Join AD, DC.
Then, the angle ADC, being in a semicircle, is a right angle; [III. 31.
and because in the right-angled triangle ADC, DB is drawn from the right angle perpendicular to the base,
therefore DB is a mean proportional between AB, BC, the segments of the base. [VI. 8, Corollary.
Wherefore, between the two given straight lines. AB, BC, a mean proportional DB is found, q.e.f.
PROPOSITION 14. THEOREM.
Equal parallelograms which have one angle of the one equal to one angle of the other, have their sides about the equal angles reciprocally proportional; and parallelograms which have one angle of the one equal to one angle of the other, and their sides about the equal angles reciprocally proportional, are equal to one another.

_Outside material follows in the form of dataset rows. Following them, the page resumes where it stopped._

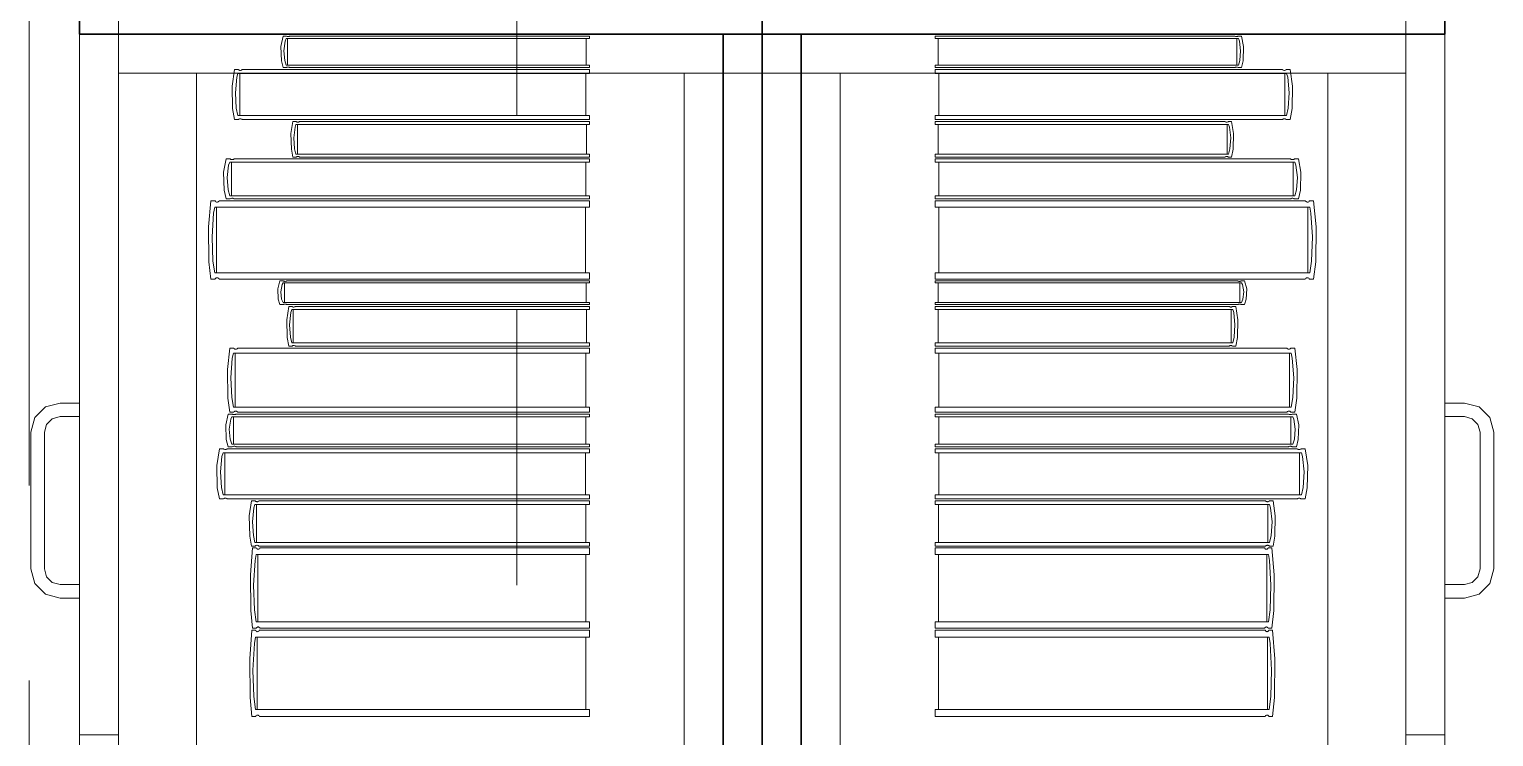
# Model space of a CAD drawing. Header units: inches. Extents: x -38 to 5698, y -33 to 92.
# Drawn here: x 115.82 to 116.571, y 11.721 to 12.084 of the extents above; entities that cross this region are included whole.
import ezdxf

# ---------------------------------------------------------------- set-up
doc = ezdxf.new("R2010")
doc.units = ezdxf.units.IN
doc.header["$MEASUREMENT"] = 0
doc.set_wipeout_variables(frame=1)
for name, pattern in [('Hidden Line', [0.195611, 0.141111, -0.0545]), ('Punto & Raya', [0.65, 0.5, -0.075, 0, -0.075]), ('Wipeout_Contour', [1, 0, -1])]:
    doc.linetypes.add(name, pattern=pattern)
for name, color, linetype in [('02 _ ARQ _ ALB _ Ejes Generales', 7, 'Continuous'), ('08 _ STR _ EXT _ 09 Vigas', 7, 'Continuous'), ('Interior - Mobiliario', 7, 'Continuous')]:
    doc.layers.add(name, color=color, linetype=linetype)

msp = doc.modelspace()

# ---------------------------------------------------------------- linework, layer by layer
at = {"layer": '02 _ ARQ _ ALB _ Ejes Generales', "color": 252, "linetype": 'Punto & Raya', "lineweight": 13}
msp.add_line((115.82, 3.05001), (115.82, 44.9), dxfattribs=at)
at = {"layer": 'Interior - Mobiliario', "color": 175, "linetype": 'Continuous', "lineweight": 13}
for p, q in [((115.8658, 10.62125), (115.8658, 12.08125)), ((115.8658, 12.08125), (116.1758, 12.08125)), ((116.1758, 12.08125), (116.1758, 10.62125)), ((116.2158, 12.08125), (116.2158, 10.62125)), ((116.5258, 12.08125), (116.2158, 12.08125)), ((116.5258, 10.62125), (116.5258, 12.08125)), ((115.94923, 12.06767), (115.94903, 12.07488)), ((115.95054, 12.0728), (115.95094, 12.06784)), ((116.44106, 12.0728), (116.44066, 12.06784)), ((116.44236, 12.06767), (116.44256, 12.07488)), ((115.95009, 12.06414), (115.94923, 12.06767)), ((115.95094, 12.06784), (115.95166, 12.06542)), ((115.95166, 12.06542), (116.10714, 12.06542)), ((116.10714, 12.06542), (116.10714, 12.06414)), ((116.43993, 12.06542), (116.28445, 12.06542)), ((116.28445, 12.06542), (116.28445, 12.06414)), ((116.44066, 12.06784), (116.43993, 12.06542)), ((116.44151, 12.06414), (116.44236, 12.06767)), ((115.8658, 10.64125), (115.8658, 12.06125)), ((115.8658, 12.06125), (115.9058, 12.06125)), ((115.9058, 12.06125), (116.1558, 12.06125)), ((115.9058, 12.06125), (115.9058, 10.64125)), ((115.92393, 12.05458), (115.92515, 12.06314)), ((115.92515, 12.06314), (115.92713, 12.06314)), ((115.92643, 12.05914), (115.92567, 12.05127)), ((115.92697, 12.06108), (115.92643, 12.05914)), ((116.10714, 12.06108), (115.92697, 12.06108)), ((115.92713, 12.06314), (115.92728, 12.063)), ((115.92728, 12.063), (115.92752, 12.06285)), ((115.92752, 12.06285), (115.92777, 12.06275)), ((115.92777, 12.06275), (115.92803, 12.06271)), ((115.92788, 12.03953), (115.92788, 12.06108)), ((115.92803, 12.06271), (115.9283, 12.06271)), ((115.9283, 12.06271), (115.92857, 12.06277)), ((115.92857, 12.06277), (115.92882, 12.06288)), ((115.92882, 12.06288), (115.92904, 12.06304)), ((115.92904, 12.06304), (115.92915, 12.06314)), ((115.92915, 12.06314), (116.10714, 12.06314)), ((115.95179, 12.06414), (115.95009, 12.06414)), ((115.95188, 12.0642), (115.95179, 12.06414)), ((115.95208, 12.0643), (115.95188, 12.0642)), ((115.9523, 12.06436), (115.95208, 12.0643)), ((115.95252, 12.0644), (115.9523, 12.06436)), ((115.95275, 12.0644), (115.95252, 12.0644)), ((115.95298, 12.06438), (115.95275, 12.0644)), ((115.9532, 12.06431), (115.95298, 12.06438)), ((115.9534, 12.06422), (115.9532, 12.06431)), ((115.95353, 12.06414), (115.9534, 12.06422)), ((116.10714, 12.06414), (115.95353, 12.06414)), ((116.10532, 12.06108), (116.10532, 12.03953)), ((116.10714, 12.06314), (116.10714, 12.06108)), ((116.1558, 10.64125), (116.1558, 12.06125)), ((116.2358, 10.64125), (116.2358, 12.06125)), ((116.4858, 12.06125), (116.2358, 12.06125)), ((116.28445, 12.06414), (116.43806, 12.06414)), ((116.46245, 12.06314), (116.28445, 12.06314)), ((116.28445, 12.06314), (116.28445, 12.06108)), ((116.28445, 12.06108), (116.46462, 12.06108)), ((116.28627, 12.06108), (116.28627, 12.03953)), ((116.43806, 12.06414), (116.43819, 12.06422)), ((116.43819, 12.06422), (116.43839, 12.06431)), ((116.43839, 12.06431), (116.43861, 12.06438)), ((116.43861, 12.06438), (116.43884, 12.0644)), ((116.43884, 12.0644), (116.43907, 12.0644)), ((116.43907, 12.0644), (116.4393, 12.06436)), ((116.4393, 12.06436), (116.43951, 12.0643)), ((116.43951, 12.0643), (116.43971, 12.0642)), ((116.43971, 12.0642), (116.4398, 12.06414)), ((116.4398, 12.06414), (116.44151, 12.06414)), ((116.46255, 12.06304), (116.46245, 12.06314)), ((116.46278, 12.06288), (116.46255, 12.06304)), ((116.46303, 12.06277), (116.46278, 12.06288)), ((116.46329, 12.06271), (116.46303, 12.06277)), ((116.46356, 12.06271), (116.46329, 12.06271)), ((116.46382, 12.06275), (116.46356, 12.06271)), ((116.46371, 12.03953), (116.46371, 12.06108)), ((116.46408, 12.06285), (116.46382, 12.06275)), ((116.46431, 12.063), (116.46408, 12.06285)), ((116.46446, 12.06314), (116.46431, 12.063)), ((116.46644, 12.06314), (116.46446, 12.06314)), ((116.46462, 12.06108), (116.46516, 12.05914)), ((116.46516, 12.05914), (116.46592, 12.05127)), ((116.46766, 12.05458), (116.46644, 12.06314)), ((116.5258, 12.06125), (116.4858, 12.06125)), ((116.4858, 12.06125), (116.4858, 10.64125)), ((116.5258, 10.64125), (116.5258, 12.06125)), ((115.92416, 12.04311), (115.92393, 12.05458)), ((115.92567, 12.05127), (115.92614, 12.04338)), ((116.46592, 12.05127), (116.46546, 12.04338)), ((116.46744, 12.04311), (116.46766, 12.05458)), ((115.92515, 12.03748), (115.92416, 12.04311)), ((115.92614, 12.04338), (115.92697, 12.03953)), ((116.46546, 12.04338), (116.46462, 12.03953)), ((116.46644, 12.03748), (116.46744, 12.04311)), ((115.92713, 12.03748), (115.92515, 12.03748)), ((115.92697, 12.03953), (116.10714, 12.03953)), ((115.92723, 12.03758), (115.92713, 12.03748)), ((115.92746, 12.03774), (115.92723, 12.03758)), ((115.92771, 12.03785), (115.92746, 12.03774)), ((115.92797, 12.0379), (115.92771, 12.03785)), ((115.92824, 12.03791), (115.92797, 12.0379)), ((115.92851, 12.03786), (115.92824, 12.03791)), ((115.92876, 12.03777), (115.92851, 12.03786)), ((115.929, 12.03762), (115.92876, 12.03777)), ((115.92915, 12.03748), (115.929, 12.03762)), ((116.10714, 12.03748), (115.92915, 12.03748)), ((115.95417, 12.03041), (115.95519, 12.03648)), ((115.95519, 12.03648), (115.95684, 12.03648)), ((115.95684, 12.03648), (115.95696, 12.03638)), ((115.95696, 12.03638), (115.95716, 12.03628)), ((115.95716, 12.03628), (115.95737, 12.03621)), ((115.95737, 12.03621), (115.95759, 12.03618)), ((115.95759, 12.03618), (115.95782, 12.03618)), ((115.95782, 12.03618), (115.95804, 12.03622)), ((115.95804, 12.03622), (115.95825, 12.0363)), ((115.95825, 12.0363), (115.95844, 12.03641)), ((115.95844, 12.03641), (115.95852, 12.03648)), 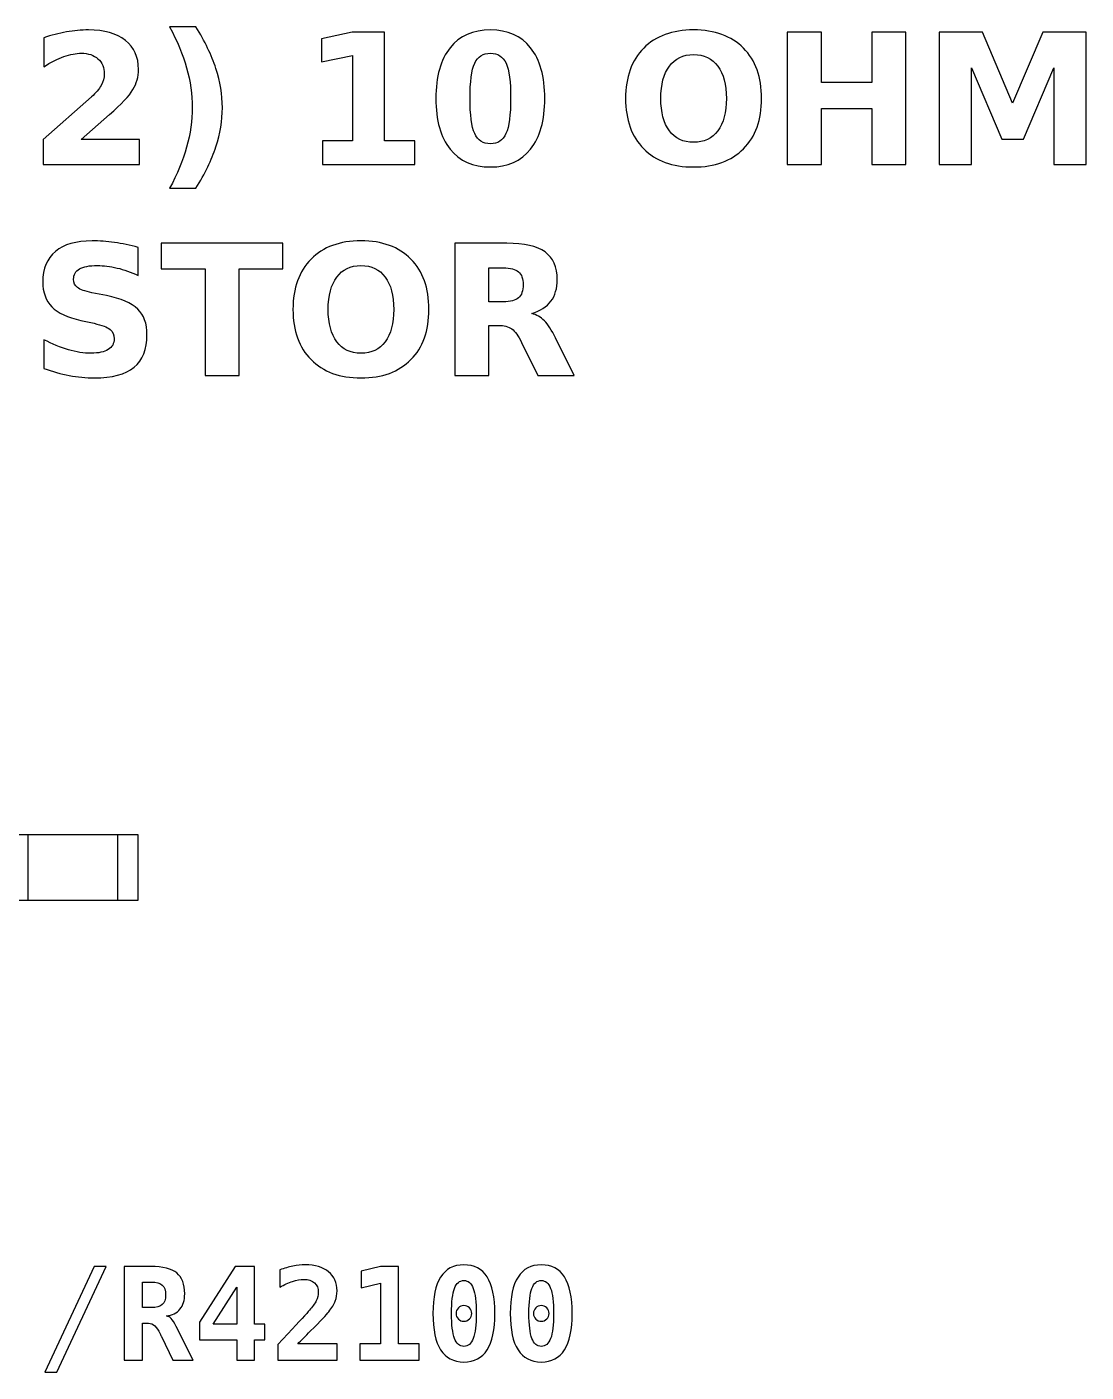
# Model space of a CAD drawing. Extents: x -112.9 to -97.1, y -152.4 to -142.
# Drawn here: x -105.36 to -97.11, y -152.43 to -141.95 of the extents above; entities that cross this region are included whole.
import ezdxf

# ---------------------------------------------------------------- set-up
doc = ezdxf.new("R2010")
doc.units = 0
doc.header["$MEASUREMENT"] = 0
doc.layers.add('LAYER_1', color=7, linetype='CONTINUOUS')

msp = doc.modelspace()

# ---------------------------------------------------------------- linework, layer by layer
at = {"layer": 'LAYER_1', "color": 7}
for points in [[(-105.508, -148.754), (-104.492, -148.754), (-104.492, -148.246), (-105.508, -148.246), (-105.508, -148.754)], [(-105.35, -148.754), (-104.65, -148.754), (-104.65, -148.246), (-105.35, -148.246), (-105.35, -148.754)]]:
    msp.add_lwpolyline(points, close=True, dxfattribs=at)
at = {"layer": 'LAYER_1'}
for points, knots in [([(-104.9357, -142.8296), (-104.9357, -142.8296), (-104.4829, -142.8296), (-104.4829, -142.8296), (-104.4829, -142.8296), (-104.4829, -142.8296), (-104.4829, -143.0246), (-104.4829, -143.0246), (-104.4829, -143.0246), (-104.4829, -143.0246), (-105.2306, -143.0246), (-105.2306, -143.0246), (-105.2306, -143.0246), (-105.2306, -143.0246), (-105.2306, -142.8296), (-105.2306, -142.8296), (-105.2306, -142.8296), (-105.2306, -142.8296), (-104.855, -142.4983), (-104.855, -142.4983), (-104.855, -142.4983), (-104.8214, -142.4679), (-104.7967, -142.4383), (-104.7807, -142.4094), (-104.7807, -142.4094), (-104.7645, -142.3804), (-104.7565, -142.3503), (-104.7565, -142.319), (-104.7565, -142.319), (-104.7565, -142.2708), (-104.7727, -142.232), (-104.8051, -142.2026), (-104.8051, -142.2026), (-104.8374, -142.1732), (-104.8804, -142.1587), (-104.9343, -142.1587), (-104.9343, -142.1587), (-104.9756, -142.1587), (-105.0208, -142.1676), (-105.07, -142.1852), (-105.07, -142.1852), (-105.1191, -142.2029), (-105.1718, -142.2292), (-105.2278, -142.264), (-105.2278, -142.264), (-105.2278, -142.264), (-105.2278, -142.038), (-105.2278, -142.038), (-105.2278, -142.038), (-105.168, -142.0183), (-105.109, -142.0032), (-105.0507, -141.9929), (-105.0507, -141.9929), (-104.9923, -141.9825), (-104.9352, -141.9773), (-104.879, -141.9773), (-104.879, -141.9773), (-104.756, -141.9773), (-104.6603, -142.0044), (-104.5921, -142.0587), (-104.5921, -142.0587), (-104.5239, -142.1128), (-104.4898, -142.1883), (-104.4898, -142.2854), (-104.4898, -142.2854), (-104.4898, -142.3414), (-104.5043, -142.3936), (-104.5333, -142.4421), (-104.5333, -142.4421), (-104.5622, -142.4905), (-104.6231, -142.5554), (-104.7158, -142.6368), (-104.7158, -142.6368), (-104.7158, -142.6368), (-104.9357, -142.8296), (-104.9357, -142.8296)], [0, 0, 0, 0, 0.0526316, 0.0526316, 0.0526316, 0.0526316, 0.1052632, 0.1052632, 0.1052632, 0.1052632, 0.1578947, 0.1578947, 0.1578947, 0.1578947, 0.2105263, 0.2105263, 0.2105263, 0.2105263, 0.2631579, 0.2631579, 0.2631579, 0.2631579, 0.3157895, 0.3157895, 0.3157895, 0.3157895, 0.3684211, 0.3684211, 0.3684211, 0.3684211, 0.4210526, 0.4210526, 0.4210526, 0.4210526, 0.4736842, 0.4736842, 0.4736842, 0.4736842, 0.5263158, 0.5263158, 0.5263158, 0.5263158, 0.5789474, 0.5789474, 0.5789474, 0.5789474, 0.6315789, 0.6315789, 0.6315789, 0.6315789, 0.6842105, 0.6842105, 0.6842105, 0.6842105, 0.7368421, 0.7368421, 0.7368421, 0.7368421, 0.7894737, 0.7894737, 0.7894737, 0.7894737, 0.8421053, 0.8421053, 0.8421053, 0.8421053, 0.8947368, 0.8947368, 0.8947368, 0.8947368, 0.9473684, 0.9473684, 0.9473684, 0.9473684, 1, 1, 1, 1]), ([(-104.2475, -143.2106), (-104.1887, -143.1013), (-104.1445, -142.9945), (-104.1151, -142.8903), (-104.1151, -142.8903), (-104.0857, -142.7859), (-104.0711, -142.6831), (-104.0711, -142.5815), (-104.0711, -142.5815), (-104.0711, -142.4799), (-104.0857, -142.3771), (-104.1151, -142.2732), (-104.1151, -142.2732), (-104.1445, -142.1692), (-104.1887, -142.0627), (-104.2475, -141.9538), (-104.2475, -141.9538), (-104.2475, -141.9538), (-104.0429, -141.9538), (-104.0429, -141.9538), (-104.0429, -141.9538), (-103.9731, -142.0665), (-103.9213, -142.1742), (-103.8874, -142.2774), (-103.8874, -142.2774), (-103.8538, -142.3804), (-103.8369, -142.4823), (-103.8369, -142.5829), (-103.8369, -142.5829), (-103.8369, -142.6836), (-103.8536, -142.7849), (-103.8872, -142.887), (-103.8872, -142.887), (-103.9206, -142.9893), (-103.9726, -143.0973), (-104.0429, -143.2106), (-104.0429, -143.2106), (-104.0429, -143.2106), (-104.2475, -143.2106), (-104.2475, -143.2106)], [0, 0, 0, 0, 0.1, 0.1, 0.1, 0.1, 0.2, 0.2, 0.2, 0.2, 0.3, 0.3, 0.3, 0.3, 0.4, 0.4, 0.4, 0.4, 0.5, 0.5, 0.5, 0.5, 0.6, 0.6, 0.6, 0.6, 0.7, 0.7, 0.7, 0.7, 0.8, 0.8, 0.8, 0.8, 0.9, 0.9, 0.9, 0.9, 1, 1, 1, 1]), ([(-103.0589, -142.8414), (-103.0589, -142.8414), (-102.8246, -142.8414), (-102.8246, -142.8414), (-102.8246, -142.8414), (-102.8246, -142.8414), (-102.8246, -142.1765), (-102.8246, -142.1765), (-102.8246, -142.1765), (-102.8246, -142.1765), (-103.065, -142.2262), (-103.065, -142.2262), (-103.065, -142.2262), (-103.065, -142.2262), (-103.065, -142.0455), (-103.065, -142.0455), (-103.065, -142.0455), (-103.065, -142.0455), (-102.826, -141.9959), (-102.826, -141.9959), (-102.826, -141.9959), (-102.826, -141.9959), (-102.5739, -141.9959), (-102.5739, -141.9959), (-102.5739, -141.9959), (-102.5739, -141.9959), (-102.5739, -142.8414), (-102.5739, -142.8414), (-102.5739, -142.8414), (-102.5739, -142.8414), (-102.3397, -142.8414), (-102.3397, -142.8414), (-102.3397, -142.8414), (-102.3397, -142.8414), (-102.3397, -143.0246), (-102.3397, -143.0246), (-102.3397, -143.0246), (-102.3397, -143.0246), (-103.0589, -143.0246), (-103.0589, -143.0246), (-103.0589, -143.0246), (-103.0589, -143.0246), (-103.0589, -142.8414), (-103.0589, -142.8414)], [0, 0, 0, 0, 0.0909091, 0.0909091, 0.0909091, 0.0909091, 0.1818182, 0.1818182, 0.1818182, 0.1818182, 0.2727273, 0.2727273, 0.2727273, 0.2727273, 0.3636364, 0.3636364, 0.3636364, 0.3636364, 0.4545455, 0.4545455, 0.4545455, 0.4545455, 0.5454545, 0.5454545, 0.5454545, 0.5454545, 0.6363636, 0.6363636, 0.6363636, 0.6363636, 0.7272727, 0.7272727, 0.7272727, 0.7272727, 0.8181818, 0.8181818, 0.8181818, 0.8181818, 0.9090909, 0.9090909, 0.9090909, 0.9090909, 1, 1, 1, 1]), ([(-101.3279, -142.5112), (-101.3279, -142.6817), (-101.3646, -142.8132), (-101.4382, -142.9058), (-101.4382, -142.9058), (-101.5116, -142.9983), (-101.616, -143.0446), (-101.751, -143.0446), (-101.751, -143.0446), (-101.8865, -143.0446), (-101.9911, -142.9983), (-102.0645, -142.9058), (-102.0645, -142.9058), (-102.1381, -142.8132), (-102.1748, -142.6817), (-102.1748, -142.5112), (-102.1748, -142.5112), (-102.1748, -142.3405), (-102.1381, -142.2087), (-102.0645, -142.1161), (-102.0645, -142.1161), (-101.9911, -142.0237), (-101.8865, -141.9773), (-101.751, -141.9773), (-101.751, -141.9773), (-101.616, -141.9773), (-101.5116, -142.0237), (-101.4382, -142.1161), (-101.4382, -142.1161), (-101.3646, -142.2087), (-101.3279, -142.3405), (-101.3279, -142.5112)], [0, 0, 0, 0, 0.125, 0.125, 0.125, 0.125, 0.25, 0.25, 0.25, 0.25, 0.375, 0.375, 0.375, 0.375, 0.5, 0.5, 0.5, 0.5, 0.625, 0.625, 0.625, 0.625, 0.75, 0.75, 0.75, 0.75, 0.875, 0.875, 0.875, 0.875, 1, 1, 1, 1]), ([(-100.1696, -141.9773), (-100.0043, -141.9773), (-99.8747, -142.0246), (-99.7811, -142.1194), (-99.7811, -142.1194), (-99.6873, -142.2139), (-99.6405, -142.3444), (-99.6405, -142.5112), (-99.6405, -142.5112), (-99.6405, -142.6775), (-99.6873, -142.808), (-99.7811, -142.9025), (-99.7811, -142.9025), (-99.8747, -142.9973), (-100.0043, -143.0446), (-100.1696, -143.0446), (-100.1696, -143.0446), (-100.3345, -143.0446), (-100.4638, -142.9973), (-100.5579, -142.9025), (-100.5579, -142.9025), (-100.6517, -142.808), (-100.6988, -142.6775), (-100.6988, -142.5112), (-100.6988, -142.5112), (-100.6988, -142.3444), (-100.6517, -142.2139), (-100.5579, -142.1194), (-100.5579, -142.1194), (-100.4638, -142.0246), (-100.3345, -141.9773), (-100.1696, -141.9773)], [0, 0, 0, 0, 0.125, 0.125, 0.125, 0.125, 0.25, 0.25, 0.25, 0.25, 0.375, 0.375, 0.375, 0.375, 0.5, 0.5, 0.5, 0.5, 0.625, 0.625, 0.625, 0.625, 0.75, 0.75, 0.75, 0.75, 0.875, 0.875, 0.875, 0.875, 1, 1, 1, 1]), ([(-99.4398, -141.9959), (-99.4398, -141.9959), (-99.1745, -141.9959), (-99.1745, -141.9959), (-99.1745, -141.9959), (-99.1745, -141.9959), (-99.1745, -142.388), (-99.1745, -142.388), (-99.1745, -142.388), (-99.1745, -142.388), (-98.7832, -142.388), (-98.7832, -142.388), (-98.7832, -142.388), (-98.7832, -142.388), (-98.7832, -141.9959), (-98.7832, -141.9959), (-98.7832, -141.9959), (-98.7832, -141.9959), (-98.5179, -141.9959), (-98.5179, -141.9959), (-98.5179, -141.9959), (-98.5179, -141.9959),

Let AB, BC be equal parallelograms, which have the angle FBD equal to the angle EBG: the sides of the parallelograms about the equal angles shall be reciprocally proportional, that is, DB shall be to BE as GB is to BF.
Let the parallelograms be placed, so that the sides DB, BE may be in the same straight line;
therefore also FB, BG are in one straight line. [I. 14.
Complete the parallelogram FE.
Then, because the parallelogram AB is equal to the parallelogram BC, [Hypothesis.
and that FE is another parallelogram,
therefore AB is to FE as BC is to FE. [V. 7.
But AB is to FE as the base DB is to the base BE, [VI. 1.
and BC is to FE as the base GB is to the base BF; [VI. 1.
therefore DB is to BE as GB is to BF. [V. 11.